§ **EXTRACTED RECORDS**:
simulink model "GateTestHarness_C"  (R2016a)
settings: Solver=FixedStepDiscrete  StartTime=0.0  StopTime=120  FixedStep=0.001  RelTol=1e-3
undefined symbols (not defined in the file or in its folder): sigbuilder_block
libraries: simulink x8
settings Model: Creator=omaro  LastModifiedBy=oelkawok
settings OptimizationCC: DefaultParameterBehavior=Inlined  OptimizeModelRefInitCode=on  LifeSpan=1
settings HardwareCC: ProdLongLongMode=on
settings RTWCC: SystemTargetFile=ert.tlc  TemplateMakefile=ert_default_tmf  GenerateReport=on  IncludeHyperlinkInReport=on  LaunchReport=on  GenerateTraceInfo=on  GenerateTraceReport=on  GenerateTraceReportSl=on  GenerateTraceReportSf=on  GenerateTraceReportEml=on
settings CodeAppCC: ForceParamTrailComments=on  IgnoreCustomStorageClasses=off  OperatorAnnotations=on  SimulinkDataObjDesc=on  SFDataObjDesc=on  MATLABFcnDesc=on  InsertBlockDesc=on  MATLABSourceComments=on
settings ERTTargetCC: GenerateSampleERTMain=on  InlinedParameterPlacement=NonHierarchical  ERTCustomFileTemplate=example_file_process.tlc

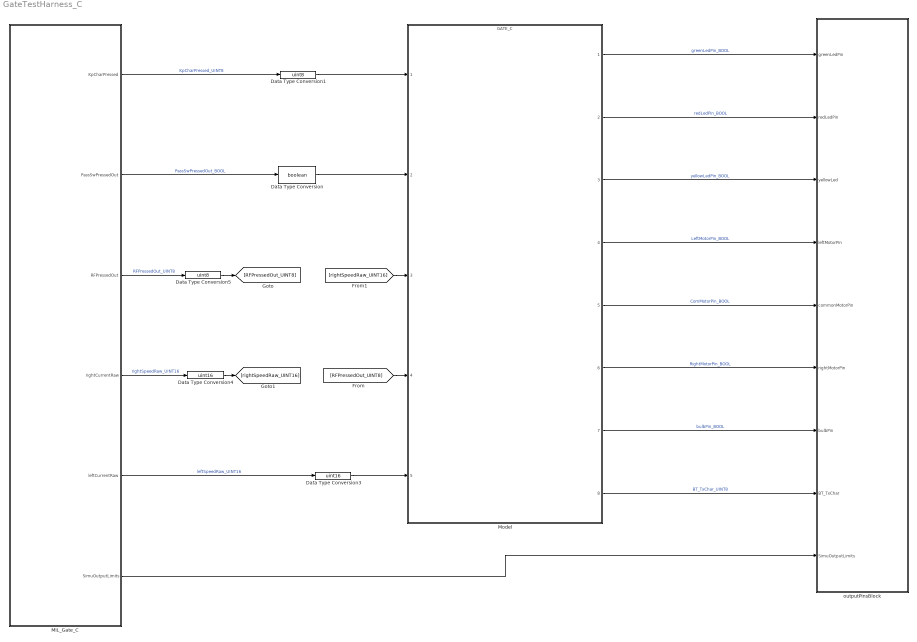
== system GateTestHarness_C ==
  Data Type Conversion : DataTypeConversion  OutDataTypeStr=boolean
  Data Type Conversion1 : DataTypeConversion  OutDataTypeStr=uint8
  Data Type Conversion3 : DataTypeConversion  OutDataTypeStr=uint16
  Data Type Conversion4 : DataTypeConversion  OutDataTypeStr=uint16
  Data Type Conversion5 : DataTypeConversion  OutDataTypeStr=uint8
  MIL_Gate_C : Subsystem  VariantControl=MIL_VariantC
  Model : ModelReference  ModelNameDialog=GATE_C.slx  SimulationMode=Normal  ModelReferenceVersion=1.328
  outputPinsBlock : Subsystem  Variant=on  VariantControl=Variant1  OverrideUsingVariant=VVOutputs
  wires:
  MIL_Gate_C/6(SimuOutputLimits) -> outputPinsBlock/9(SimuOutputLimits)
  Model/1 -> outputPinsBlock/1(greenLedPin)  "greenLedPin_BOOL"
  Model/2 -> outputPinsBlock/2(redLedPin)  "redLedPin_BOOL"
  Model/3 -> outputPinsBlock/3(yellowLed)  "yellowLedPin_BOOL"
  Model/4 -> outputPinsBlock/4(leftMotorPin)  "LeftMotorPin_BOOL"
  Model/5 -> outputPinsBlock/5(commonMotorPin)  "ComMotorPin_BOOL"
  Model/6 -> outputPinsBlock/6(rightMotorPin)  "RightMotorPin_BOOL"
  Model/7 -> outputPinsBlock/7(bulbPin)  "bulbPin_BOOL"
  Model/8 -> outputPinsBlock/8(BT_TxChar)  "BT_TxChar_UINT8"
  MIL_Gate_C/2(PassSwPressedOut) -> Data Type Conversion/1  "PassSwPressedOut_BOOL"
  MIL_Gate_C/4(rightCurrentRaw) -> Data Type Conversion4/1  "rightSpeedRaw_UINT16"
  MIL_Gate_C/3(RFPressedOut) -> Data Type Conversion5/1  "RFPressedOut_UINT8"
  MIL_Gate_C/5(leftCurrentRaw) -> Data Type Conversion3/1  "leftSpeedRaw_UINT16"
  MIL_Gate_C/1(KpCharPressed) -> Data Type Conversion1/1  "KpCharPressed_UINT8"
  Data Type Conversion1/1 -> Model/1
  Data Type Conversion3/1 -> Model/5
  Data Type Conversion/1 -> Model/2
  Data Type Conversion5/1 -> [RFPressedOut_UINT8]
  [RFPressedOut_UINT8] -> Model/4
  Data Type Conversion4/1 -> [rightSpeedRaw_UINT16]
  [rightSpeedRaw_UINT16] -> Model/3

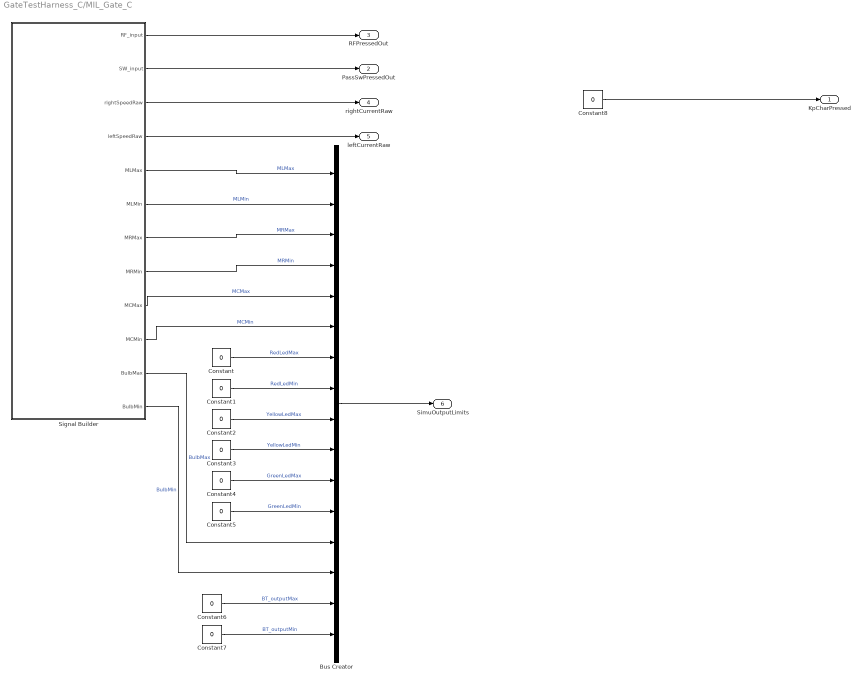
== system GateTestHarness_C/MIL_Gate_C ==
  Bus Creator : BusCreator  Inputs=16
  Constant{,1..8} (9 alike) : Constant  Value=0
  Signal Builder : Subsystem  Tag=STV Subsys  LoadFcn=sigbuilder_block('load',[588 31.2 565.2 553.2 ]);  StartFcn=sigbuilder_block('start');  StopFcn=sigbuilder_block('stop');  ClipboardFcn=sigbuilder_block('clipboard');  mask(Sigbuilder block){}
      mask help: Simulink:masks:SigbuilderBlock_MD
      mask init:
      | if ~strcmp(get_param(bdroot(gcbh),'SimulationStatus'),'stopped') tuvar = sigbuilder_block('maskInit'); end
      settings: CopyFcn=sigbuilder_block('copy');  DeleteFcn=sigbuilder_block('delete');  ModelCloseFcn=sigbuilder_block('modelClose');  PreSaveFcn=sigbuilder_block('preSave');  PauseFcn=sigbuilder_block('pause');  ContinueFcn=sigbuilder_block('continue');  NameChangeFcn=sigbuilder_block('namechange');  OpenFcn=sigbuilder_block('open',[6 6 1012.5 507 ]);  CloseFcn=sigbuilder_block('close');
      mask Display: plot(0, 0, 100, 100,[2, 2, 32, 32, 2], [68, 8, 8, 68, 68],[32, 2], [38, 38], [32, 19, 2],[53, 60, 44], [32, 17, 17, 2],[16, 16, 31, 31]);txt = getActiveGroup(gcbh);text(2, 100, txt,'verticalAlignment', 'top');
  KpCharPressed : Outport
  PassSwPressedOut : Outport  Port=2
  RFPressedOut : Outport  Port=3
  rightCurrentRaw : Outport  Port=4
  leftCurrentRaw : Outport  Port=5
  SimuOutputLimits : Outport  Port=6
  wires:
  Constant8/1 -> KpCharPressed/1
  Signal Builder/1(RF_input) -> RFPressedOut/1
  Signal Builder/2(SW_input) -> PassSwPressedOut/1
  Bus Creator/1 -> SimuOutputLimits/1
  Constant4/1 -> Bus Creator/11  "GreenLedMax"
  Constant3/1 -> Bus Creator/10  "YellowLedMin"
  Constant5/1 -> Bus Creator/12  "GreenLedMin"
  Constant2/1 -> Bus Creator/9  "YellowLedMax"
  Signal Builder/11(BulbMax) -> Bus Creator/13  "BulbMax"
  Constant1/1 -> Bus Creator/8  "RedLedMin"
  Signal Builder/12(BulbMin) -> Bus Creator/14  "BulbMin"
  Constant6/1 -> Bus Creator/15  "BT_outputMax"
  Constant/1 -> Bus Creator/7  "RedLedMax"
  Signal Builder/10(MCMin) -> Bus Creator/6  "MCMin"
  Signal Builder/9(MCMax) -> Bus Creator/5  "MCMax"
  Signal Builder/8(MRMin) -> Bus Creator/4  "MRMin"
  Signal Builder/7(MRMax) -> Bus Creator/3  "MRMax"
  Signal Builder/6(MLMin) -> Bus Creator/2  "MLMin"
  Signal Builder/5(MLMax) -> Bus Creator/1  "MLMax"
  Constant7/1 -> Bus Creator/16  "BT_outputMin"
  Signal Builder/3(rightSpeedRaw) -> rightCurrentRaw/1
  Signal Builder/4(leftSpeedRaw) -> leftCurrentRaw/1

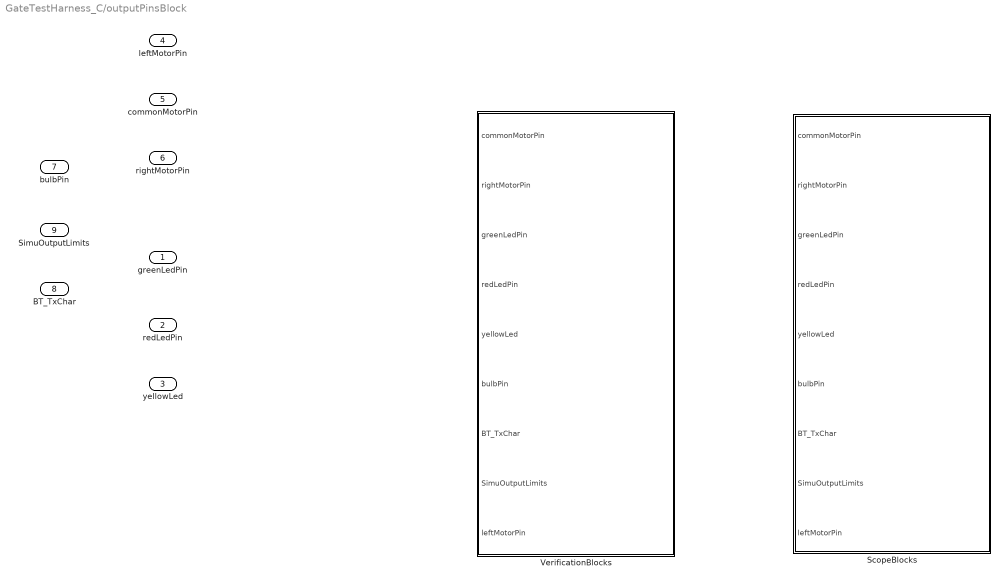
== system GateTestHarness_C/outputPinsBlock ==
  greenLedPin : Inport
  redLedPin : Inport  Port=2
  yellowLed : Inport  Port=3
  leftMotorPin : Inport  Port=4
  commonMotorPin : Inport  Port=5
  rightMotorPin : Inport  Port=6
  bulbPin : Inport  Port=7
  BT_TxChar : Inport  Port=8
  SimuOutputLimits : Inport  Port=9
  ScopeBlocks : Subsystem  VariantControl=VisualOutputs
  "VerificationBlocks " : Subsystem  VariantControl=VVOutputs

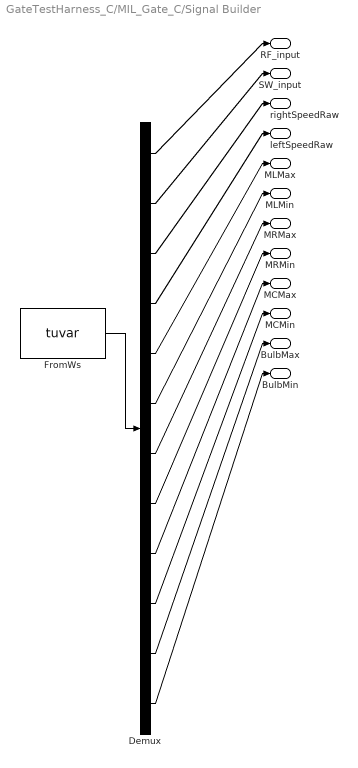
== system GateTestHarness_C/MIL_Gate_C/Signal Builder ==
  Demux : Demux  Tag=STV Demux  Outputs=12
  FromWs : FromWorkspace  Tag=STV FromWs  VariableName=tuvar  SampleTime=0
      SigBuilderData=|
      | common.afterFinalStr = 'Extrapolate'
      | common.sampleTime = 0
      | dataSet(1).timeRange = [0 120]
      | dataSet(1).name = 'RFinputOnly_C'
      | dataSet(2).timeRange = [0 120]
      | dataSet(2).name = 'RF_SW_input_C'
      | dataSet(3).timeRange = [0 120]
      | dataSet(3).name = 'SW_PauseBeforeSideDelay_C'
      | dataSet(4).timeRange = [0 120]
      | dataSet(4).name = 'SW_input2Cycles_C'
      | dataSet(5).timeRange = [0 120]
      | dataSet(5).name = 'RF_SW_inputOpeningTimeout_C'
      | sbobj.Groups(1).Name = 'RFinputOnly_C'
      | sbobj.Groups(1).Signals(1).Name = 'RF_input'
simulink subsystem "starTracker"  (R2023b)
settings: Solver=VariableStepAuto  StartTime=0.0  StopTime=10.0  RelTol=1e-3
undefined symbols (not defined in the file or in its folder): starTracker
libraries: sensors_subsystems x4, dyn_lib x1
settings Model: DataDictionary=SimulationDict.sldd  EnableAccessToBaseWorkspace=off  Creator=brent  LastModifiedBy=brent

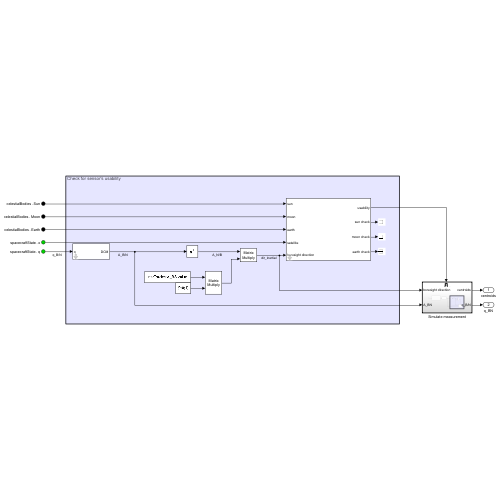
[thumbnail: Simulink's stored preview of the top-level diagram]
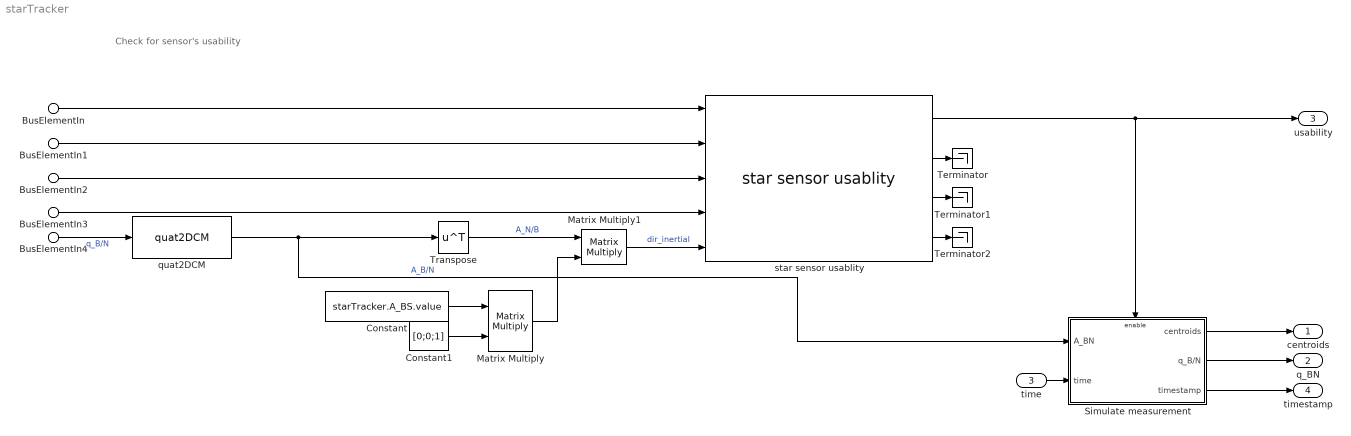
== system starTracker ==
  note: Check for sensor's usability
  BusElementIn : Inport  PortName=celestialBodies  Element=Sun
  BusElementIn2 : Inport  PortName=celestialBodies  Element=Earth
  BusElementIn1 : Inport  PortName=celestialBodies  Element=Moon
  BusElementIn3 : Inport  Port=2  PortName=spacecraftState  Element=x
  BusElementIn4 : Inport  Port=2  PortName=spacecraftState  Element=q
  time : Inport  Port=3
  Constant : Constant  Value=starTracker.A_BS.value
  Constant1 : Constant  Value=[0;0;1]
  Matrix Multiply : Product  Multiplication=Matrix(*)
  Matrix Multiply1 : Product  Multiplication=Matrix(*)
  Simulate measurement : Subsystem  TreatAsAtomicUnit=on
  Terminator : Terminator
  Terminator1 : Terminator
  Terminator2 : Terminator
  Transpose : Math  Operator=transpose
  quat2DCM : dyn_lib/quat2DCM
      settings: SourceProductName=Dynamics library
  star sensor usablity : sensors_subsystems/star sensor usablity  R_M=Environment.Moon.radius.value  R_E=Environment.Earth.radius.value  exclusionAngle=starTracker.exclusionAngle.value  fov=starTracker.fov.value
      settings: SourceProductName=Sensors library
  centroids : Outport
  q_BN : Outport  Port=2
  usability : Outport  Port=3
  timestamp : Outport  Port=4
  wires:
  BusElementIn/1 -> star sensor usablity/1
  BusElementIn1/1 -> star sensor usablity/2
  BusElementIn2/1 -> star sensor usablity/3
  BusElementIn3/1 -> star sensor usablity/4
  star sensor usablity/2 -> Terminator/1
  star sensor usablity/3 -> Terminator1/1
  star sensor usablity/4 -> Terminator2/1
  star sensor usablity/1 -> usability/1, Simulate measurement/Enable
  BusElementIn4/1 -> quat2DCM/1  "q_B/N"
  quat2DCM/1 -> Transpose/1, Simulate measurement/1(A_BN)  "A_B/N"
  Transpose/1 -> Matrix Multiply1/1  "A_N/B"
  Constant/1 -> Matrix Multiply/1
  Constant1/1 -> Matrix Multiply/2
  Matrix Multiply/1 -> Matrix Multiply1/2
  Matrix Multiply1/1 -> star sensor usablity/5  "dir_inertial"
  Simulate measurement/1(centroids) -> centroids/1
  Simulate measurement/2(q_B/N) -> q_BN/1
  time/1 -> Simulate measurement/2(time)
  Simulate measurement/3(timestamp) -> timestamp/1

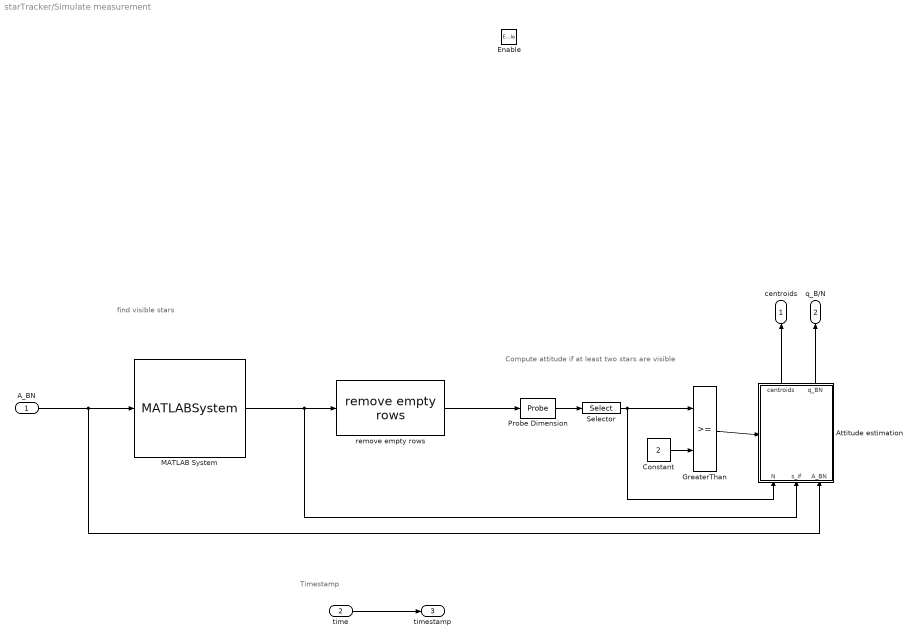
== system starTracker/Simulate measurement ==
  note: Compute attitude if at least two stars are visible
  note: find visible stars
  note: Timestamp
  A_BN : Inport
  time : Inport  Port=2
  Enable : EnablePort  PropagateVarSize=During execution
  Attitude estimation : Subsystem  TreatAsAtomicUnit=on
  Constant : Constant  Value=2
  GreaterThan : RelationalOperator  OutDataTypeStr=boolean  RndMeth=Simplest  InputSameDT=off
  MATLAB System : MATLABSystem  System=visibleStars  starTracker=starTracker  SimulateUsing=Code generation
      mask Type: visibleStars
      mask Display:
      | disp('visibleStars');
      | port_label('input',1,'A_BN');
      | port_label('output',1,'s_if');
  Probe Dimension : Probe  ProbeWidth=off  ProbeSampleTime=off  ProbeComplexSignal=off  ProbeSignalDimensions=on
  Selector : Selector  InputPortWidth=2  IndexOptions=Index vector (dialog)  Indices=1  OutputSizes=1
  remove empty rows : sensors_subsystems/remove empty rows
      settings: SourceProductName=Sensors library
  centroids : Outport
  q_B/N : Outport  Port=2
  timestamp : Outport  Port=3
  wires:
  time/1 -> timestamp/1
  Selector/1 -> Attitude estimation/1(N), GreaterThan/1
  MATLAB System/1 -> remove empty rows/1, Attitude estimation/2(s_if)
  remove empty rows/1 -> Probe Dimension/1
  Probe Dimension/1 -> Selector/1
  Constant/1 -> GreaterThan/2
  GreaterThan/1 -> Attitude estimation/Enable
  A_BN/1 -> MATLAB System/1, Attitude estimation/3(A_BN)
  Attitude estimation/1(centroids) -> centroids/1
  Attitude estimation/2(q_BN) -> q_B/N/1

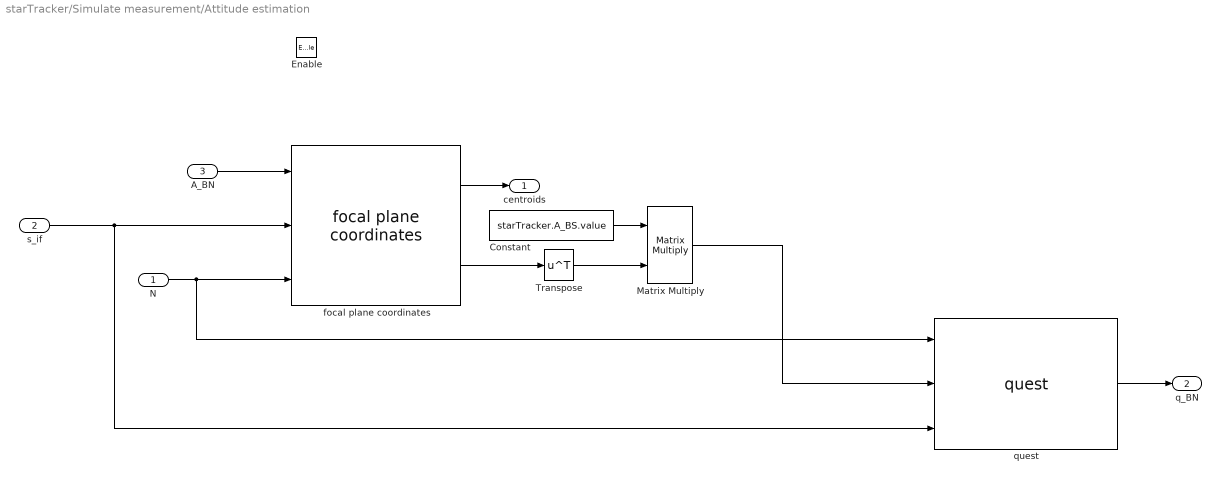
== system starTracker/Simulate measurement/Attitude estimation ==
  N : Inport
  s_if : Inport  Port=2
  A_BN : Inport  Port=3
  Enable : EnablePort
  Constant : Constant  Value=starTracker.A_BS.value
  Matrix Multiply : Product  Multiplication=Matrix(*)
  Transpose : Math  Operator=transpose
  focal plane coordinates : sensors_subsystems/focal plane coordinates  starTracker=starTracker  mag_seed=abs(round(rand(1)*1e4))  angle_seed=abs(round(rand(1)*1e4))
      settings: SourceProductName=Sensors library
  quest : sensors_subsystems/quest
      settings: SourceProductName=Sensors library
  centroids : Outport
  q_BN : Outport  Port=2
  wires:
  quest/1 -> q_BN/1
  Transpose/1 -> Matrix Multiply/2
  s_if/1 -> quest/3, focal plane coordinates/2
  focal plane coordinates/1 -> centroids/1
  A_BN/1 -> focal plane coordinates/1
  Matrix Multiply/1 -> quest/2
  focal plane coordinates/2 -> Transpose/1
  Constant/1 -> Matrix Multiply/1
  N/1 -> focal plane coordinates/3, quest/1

§ **YOUR GOAL**: Using the data above, restate word for word the lines from its opening line through the line that contains "libraries: simulink x8", and no more.

§ **RESPONSE AREA**:
simulink model "GateTestHarness_C"  (R2016a)
settings: Solver=FixedStepDiscrete  StartTime=0.0  StopTime=120  FixedStep=0.001  RelTol=1e-3
undefined symbols (not defined in the file or in its folder): sigbuilder_block
libraries: simulink x8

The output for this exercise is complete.